'''

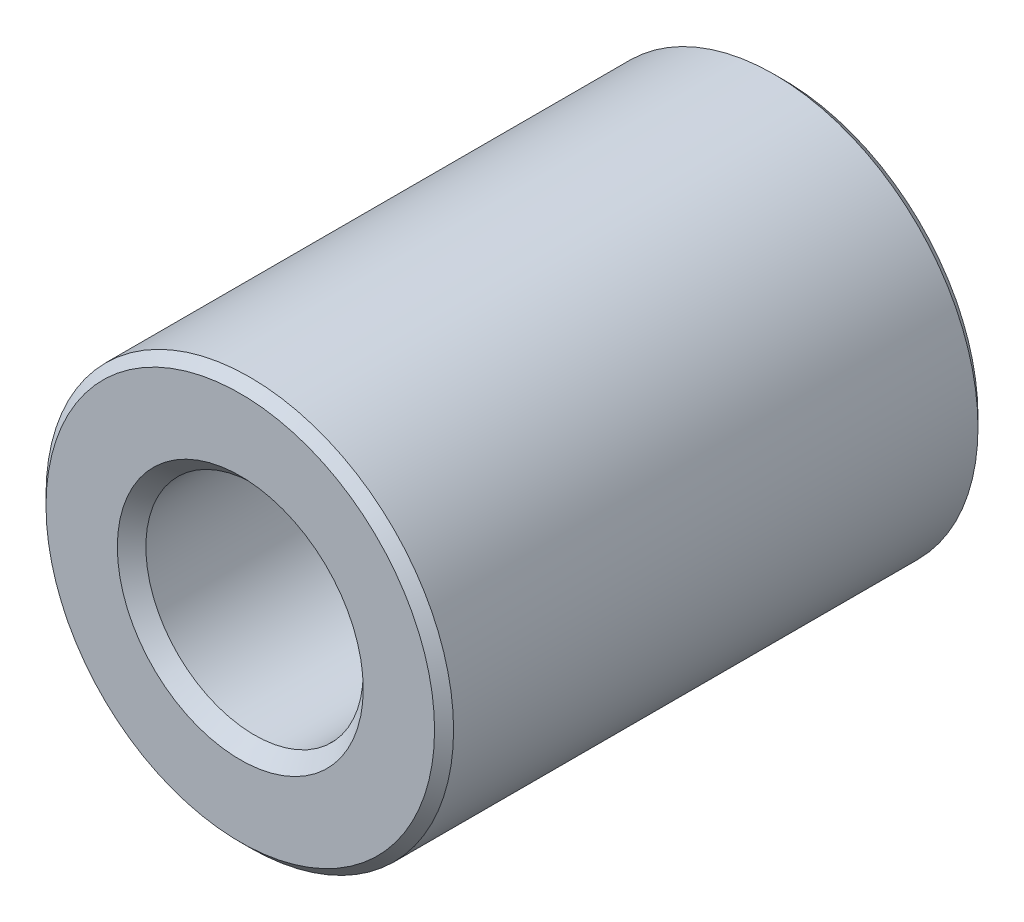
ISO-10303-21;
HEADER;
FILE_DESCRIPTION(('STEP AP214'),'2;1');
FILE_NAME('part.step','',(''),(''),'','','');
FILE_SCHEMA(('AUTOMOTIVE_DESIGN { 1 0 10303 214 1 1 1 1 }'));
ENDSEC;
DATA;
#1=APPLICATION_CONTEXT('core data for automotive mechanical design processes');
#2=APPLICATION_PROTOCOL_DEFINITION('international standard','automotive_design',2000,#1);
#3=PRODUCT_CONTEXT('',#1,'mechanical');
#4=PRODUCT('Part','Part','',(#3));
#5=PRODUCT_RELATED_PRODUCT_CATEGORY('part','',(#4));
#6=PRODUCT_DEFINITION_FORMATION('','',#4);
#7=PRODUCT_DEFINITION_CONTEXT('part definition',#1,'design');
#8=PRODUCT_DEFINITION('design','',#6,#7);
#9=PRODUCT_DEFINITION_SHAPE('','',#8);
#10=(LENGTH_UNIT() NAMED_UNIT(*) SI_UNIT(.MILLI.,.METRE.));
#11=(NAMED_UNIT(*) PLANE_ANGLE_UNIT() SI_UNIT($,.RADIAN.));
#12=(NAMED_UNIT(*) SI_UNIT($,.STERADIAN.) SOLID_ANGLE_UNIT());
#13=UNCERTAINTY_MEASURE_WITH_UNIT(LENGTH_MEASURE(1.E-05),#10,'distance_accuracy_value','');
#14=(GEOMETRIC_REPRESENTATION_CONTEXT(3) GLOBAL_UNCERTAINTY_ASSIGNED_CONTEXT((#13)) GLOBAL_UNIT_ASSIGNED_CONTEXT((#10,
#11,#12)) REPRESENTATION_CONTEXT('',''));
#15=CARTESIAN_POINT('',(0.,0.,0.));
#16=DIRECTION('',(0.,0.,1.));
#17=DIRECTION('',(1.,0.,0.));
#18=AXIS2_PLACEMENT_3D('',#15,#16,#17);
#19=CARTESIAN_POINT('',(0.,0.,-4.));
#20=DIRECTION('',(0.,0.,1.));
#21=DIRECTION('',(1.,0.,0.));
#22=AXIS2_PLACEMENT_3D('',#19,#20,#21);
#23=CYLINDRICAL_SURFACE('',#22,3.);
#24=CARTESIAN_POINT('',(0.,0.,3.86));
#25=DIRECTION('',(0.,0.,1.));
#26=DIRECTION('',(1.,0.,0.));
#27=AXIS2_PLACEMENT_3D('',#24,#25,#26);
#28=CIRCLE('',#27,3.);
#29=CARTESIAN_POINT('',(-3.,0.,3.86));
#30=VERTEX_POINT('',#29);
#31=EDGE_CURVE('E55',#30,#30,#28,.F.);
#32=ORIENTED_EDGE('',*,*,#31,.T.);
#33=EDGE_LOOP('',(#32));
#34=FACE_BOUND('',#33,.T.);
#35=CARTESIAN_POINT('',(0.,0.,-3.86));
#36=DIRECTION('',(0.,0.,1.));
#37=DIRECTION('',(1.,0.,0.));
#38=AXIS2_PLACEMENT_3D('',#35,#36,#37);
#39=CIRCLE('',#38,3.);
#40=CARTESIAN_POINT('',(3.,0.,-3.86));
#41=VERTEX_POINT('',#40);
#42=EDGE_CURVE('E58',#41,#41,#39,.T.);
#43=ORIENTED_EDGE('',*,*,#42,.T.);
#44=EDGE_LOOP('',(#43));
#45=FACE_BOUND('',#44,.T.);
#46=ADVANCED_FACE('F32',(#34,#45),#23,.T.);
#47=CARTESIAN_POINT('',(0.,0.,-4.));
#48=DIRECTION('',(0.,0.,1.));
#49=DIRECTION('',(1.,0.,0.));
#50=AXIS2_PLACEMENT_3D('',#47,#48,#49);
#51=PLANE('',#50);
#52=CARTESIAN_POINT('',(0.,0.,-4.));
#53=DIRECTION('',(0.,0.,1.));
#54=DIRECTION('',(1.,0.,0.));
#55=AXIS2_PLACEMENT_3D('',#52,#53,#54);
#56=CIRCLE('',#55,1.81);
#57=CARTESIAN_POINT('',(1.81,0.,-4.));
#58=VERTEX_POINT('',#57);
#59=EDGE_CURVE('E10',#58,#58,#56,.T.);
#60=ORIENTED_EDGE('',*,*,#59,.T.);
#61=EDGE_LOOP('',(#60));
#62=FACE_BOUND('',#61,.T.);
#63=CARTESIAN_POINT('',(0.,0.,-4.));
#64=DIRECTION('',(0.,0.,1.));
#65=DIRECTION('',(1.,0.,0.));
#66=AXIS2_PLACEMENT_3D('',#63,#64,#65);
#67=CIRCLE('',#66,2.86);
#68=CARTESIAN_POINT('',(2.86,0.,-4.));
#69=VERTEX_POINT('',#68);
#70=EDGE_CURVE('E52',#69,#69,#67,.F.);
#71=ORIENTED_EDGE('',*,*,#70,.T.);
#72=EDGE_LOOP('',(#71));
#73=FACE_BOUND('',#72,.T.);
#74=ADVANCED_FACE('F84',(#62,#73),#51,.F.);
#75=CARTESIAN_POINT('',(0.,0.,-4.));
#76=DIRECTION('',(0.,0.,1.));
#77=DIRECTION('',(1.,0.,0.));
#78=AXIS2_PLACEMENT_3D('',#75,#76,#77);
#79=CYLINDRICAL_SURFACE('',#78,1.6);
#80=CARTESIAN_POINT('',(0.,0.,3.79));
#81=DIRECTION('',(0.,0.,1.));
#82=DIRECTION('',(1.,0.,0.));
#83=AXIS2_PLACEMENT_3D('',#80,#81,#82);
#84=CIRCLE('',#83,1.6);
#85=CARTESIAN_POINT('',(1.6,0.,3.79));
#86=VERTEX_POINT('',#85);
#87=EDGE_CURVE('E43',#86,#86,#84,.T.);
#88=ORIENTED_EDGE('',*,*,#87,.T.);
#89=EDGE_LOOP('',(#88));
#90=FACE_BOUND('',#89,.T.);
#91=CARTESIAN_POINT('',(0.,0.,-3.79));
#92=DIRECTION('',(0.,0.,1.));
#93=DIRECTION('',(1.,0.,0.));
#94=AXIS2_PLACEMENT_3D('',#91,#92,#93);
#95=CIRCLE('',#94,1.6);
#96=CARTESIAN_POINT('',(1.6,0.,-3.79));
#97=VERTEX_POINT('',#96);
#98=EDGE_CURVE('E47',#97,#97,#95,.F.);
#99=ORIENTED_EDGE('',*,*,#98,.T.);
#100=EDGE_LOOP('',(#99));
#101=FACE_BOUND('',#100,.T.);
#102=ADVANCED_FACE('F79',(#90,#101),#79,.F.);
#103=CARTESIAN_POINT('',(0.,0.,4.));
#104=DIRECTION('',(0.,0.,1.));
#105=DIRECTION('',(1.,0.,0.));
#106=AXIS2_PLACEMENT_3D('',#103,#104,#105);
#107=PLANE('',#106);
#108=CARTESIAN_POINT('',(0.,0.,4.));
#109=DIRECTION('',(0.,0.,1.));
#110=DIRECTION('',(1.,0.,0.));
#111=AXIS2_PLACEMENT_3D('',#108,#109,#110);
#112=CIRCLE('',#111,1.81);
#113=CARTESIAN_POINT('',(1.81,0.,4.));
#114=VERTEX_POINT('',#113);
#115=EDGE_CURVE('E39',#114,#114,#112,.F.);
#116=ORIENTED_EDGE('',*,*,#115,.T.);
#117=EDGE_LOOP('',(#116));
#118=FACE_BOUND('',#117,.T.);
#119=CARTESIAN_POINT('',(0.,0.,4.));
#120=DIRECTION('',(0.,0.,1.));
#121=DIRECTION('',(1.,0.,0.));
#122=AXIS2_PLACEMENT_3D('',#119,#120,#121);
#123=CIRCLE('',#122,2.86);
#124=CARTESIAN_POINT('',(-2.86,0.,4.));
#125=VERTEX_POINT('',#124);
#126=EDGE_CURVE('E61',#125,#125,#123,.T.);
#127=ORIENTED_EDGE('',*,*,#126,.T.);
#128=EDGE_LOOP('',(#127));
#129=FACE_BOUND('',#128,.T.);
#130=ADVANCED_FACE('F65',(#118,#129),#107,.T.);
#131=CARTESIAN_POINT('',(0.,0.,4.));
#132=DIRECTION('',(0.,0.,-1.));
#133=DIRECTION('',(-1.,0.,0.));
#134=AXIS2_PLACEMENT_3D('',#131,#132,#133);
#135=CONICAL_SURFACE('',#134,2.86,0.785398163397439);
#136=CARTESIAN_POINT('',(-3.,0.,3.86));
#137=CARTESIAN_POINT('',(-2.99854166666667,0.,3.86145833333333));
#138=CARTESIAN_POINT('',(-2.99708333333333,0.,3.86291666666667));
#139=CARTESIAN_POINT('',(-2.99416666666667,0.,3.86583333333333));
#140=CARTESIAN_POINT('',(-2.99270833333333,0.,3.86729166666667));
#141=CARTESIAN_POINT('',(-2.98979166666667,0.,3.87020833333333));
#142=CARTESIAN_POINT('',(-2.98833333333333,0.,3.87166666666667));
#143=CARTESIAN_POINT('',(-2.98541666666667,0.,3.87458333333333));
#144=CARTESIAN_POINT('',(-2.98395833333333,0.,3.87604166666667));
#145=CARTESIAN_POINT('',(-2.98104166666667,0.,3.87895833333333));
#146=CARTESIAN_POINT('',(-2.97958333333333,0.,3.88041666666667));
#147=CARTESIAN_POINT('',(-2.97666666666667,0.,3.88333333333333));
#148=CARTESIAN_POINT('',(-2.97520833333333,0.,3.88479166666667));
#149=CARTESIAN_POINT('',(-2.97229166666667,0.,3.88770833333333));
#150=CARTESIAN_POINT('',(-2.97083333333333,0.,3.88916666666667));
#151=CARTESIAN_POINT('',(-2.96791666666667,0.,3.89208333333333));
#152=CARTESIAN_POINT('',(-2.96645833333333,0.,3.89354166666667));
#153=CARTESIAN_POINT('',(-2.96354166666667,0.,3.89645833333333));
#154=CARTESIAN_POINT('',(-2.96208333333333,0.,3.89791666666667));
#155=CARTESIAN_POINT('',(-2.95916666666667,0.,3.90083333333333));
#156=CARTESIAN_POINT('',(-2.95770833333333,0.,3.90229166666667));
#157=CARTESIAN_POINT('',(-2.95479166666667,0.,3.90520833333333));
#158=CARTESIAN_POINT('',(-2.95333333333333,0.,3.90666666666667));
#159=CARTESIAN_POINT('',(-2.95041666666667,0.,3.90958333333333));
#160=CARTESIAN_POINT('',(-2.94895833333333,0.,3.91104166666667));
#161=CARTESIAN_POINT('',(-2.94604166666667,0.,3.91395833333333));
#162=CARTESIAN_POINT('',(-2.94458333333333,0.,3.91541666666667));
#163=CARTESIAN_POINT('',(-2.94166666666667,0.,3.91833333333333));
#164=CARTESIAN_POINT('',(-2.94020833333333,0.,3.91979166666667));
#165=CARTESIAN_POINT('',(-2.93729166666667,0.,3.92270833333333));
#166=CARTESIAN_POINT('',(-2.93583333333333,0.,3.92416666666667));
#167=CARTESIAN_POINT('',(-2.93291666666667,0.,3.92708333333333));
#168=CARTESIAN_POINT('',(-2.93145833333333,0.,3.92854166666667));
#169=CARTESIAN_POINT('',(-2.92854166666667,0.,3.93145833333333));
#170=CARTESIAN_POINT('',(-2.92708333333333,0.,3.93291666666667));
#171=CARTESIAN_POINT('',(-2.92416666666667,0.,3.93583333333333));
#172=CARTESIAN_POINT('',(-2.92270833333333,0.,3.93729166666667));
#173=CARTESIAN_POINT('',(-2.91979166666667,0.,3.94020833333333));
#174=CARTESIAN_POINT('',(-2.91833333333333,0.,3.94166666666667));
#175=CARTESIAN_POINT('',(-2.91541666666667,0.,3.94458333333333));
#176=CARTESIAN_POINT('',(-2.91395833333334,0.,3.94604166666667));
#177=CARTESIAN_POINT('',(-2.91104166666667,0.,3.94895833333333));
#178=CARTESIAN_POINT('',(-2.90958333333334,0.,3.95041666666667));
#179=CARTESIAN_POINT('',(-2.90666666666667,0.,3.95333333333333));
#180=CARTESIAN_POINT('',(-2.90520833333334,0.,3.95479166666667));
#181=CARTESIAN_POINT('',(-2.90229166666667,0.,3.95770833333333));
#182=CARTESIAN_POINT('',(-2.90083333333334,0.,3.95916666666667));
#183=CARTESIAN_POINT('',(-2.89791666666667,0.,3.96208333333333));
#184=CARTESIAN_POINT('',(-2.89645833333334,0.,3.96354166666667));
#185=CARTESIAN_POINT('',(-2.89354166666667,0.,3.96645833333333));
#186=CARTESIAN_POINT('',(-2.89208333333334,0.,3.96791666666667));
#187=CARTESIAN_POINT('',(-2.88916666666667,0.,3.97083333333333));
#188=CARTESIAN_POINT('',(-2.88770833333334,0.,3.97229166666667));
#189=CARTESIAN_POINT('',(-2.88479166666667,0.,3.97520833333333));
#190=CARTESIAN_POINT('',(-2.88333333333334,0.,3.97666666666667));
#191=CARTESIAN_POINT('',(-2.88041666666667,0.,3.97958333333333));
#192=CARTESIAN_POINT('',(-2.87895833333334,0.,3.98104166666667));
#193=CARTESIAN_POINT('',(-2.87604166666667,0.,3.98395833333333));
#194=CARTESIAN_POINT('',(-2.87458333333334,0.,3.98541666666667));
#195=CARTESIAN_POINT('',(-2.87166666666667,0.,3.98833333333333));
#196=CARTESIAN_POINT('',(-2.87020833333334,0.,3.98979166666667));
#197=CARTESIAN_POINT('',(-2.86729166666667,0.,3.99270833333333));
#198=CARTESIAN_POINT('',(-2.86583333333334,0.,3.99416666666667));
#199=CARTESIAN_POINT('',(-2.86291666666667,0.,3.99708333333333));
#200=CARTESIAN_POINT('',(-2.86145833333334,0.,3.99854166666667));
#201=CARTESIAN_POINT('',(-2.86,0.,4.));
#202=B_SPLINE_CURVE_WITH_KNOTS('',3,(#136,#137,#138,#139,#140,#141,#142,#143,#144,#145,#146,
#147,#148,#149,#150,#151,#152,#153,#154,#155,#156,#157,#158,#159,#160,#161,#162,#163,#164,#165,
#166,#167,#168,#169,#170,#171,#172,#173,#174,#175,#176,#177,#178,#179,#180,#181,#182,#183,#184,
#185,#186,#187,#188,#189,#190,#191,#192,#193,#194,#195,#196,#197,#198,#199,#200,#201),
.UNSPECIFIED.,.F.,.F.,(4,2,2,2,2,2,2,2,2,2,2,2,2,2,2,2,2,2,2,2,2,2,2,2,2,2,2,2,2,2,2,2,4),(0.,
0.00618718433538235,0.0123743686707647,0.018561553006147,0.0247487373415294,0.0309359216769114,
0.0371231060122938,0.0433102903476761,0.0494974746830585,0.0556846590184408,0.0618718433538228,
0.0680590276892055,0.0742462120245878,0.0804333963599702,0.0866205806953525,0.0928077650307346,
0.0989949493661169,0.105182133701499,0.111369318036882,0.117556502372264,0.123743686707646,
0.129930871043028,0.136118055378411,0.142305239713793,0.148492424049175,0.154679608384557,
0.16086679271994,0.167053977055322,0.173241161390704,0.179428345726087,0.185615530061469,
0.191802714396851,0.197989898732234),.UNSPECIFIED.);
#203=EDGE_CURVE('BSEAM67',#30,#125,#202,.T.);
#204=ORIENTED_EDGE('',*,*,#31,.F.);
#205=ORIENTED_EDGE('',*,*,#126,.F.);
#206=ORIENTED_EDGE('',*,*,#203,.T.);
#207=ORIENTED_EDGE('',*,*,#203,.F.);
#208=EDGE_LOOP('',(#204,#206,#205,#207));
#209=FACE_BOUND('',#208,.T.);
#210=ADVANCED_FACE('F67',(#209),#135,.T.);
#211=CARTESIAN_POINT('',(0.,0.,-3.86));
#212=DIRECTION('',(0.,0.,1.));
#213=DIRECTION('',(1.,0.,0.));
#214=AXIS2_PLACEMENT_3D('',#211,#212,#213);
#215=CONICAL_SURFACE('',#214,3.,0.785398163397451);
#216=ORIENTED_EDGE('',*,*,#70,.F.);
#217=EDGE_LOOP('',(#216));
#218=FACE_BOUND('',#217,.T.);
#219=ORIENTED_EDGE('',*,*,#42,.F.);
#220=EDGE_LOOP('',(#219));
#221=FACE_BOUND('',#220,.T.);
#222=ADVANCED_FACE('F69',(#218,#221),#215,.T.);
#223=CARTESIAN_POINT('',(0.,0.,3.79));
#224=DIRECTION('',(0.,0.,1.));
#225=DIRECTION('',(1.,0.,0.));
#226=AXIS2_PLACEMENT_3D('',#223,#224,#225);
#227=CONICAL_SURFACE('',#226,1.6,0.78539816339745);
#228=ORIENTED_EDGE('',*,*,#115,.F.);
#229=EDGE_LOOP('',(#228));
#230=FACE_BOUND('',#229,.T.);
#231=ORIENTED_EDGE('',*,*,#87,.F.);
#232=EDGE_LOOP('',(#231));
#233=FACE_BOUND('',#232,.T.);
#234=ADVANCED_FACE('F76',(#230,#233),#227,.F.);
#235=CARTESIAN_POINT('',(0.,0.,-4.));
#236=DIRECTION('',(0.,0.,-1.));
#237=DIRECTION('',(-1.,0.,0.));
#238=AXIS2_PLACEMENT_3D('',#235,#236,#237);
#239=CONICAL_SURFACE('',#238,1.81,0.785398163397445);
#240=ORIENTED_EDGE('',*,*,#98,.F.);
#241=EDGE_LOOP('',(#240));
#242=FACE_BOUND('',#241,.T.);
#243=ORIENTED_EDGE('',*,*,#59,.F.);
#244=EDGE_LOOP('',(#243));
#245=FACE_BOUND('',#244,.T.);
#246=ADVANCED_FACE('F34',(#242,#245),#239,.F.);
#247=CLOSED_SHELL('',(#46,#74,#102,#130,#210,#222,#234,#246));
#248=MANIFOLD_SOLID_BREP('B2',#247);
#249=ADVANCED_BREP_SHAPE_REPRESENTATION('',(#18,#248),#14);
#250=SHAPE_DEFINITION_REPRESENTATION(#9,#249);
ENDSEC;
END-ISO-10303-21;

'''

EXERCISE DIRECTIONS:
Lines wanted from the listing above: the line with "#95=CIRCLE('',#94,1.6);" up to and including the line with "#110=DIRECTION('',(1.,0.,0.));". Please write them out exactly, adding nothing else.

RESPONSE TO THE TASK:
#95=CIRCLE('',#94,1.6);
#96=CARTESIAN_POINT('',(1.6,0.,-3.79));
#97=VERTEX_POINT('',#96);
#98=EDGE_CURVE('E47',#97,#97,#95,.F.);
#99=ORIENTED_EDGE('',*,*,#98,.T.);
#100=EDGE_LOOP('',(#99));
#101=FACE_BOUND('',#100,.T.);
#102=ADVANCED_FACE('F79',(#90,#101),#79,.F.);
#103=CARTESIAN_POINT('',(0.,0.,4.));
#104=DIRECTION('',(0.,0.,1.));
#105=DIRECTION('',(1.,0.,0.));
#106=AXIS2_PLACEMENT_3D('',#103,#104,#105);
#107=PLANE('',#106);
#108=CARTESIAN_POINT('',(0.,0.,4.));
#109=DIRECTION('',(0.,0.,1.));
#110=DIRECTION('',(1.,0.,0.));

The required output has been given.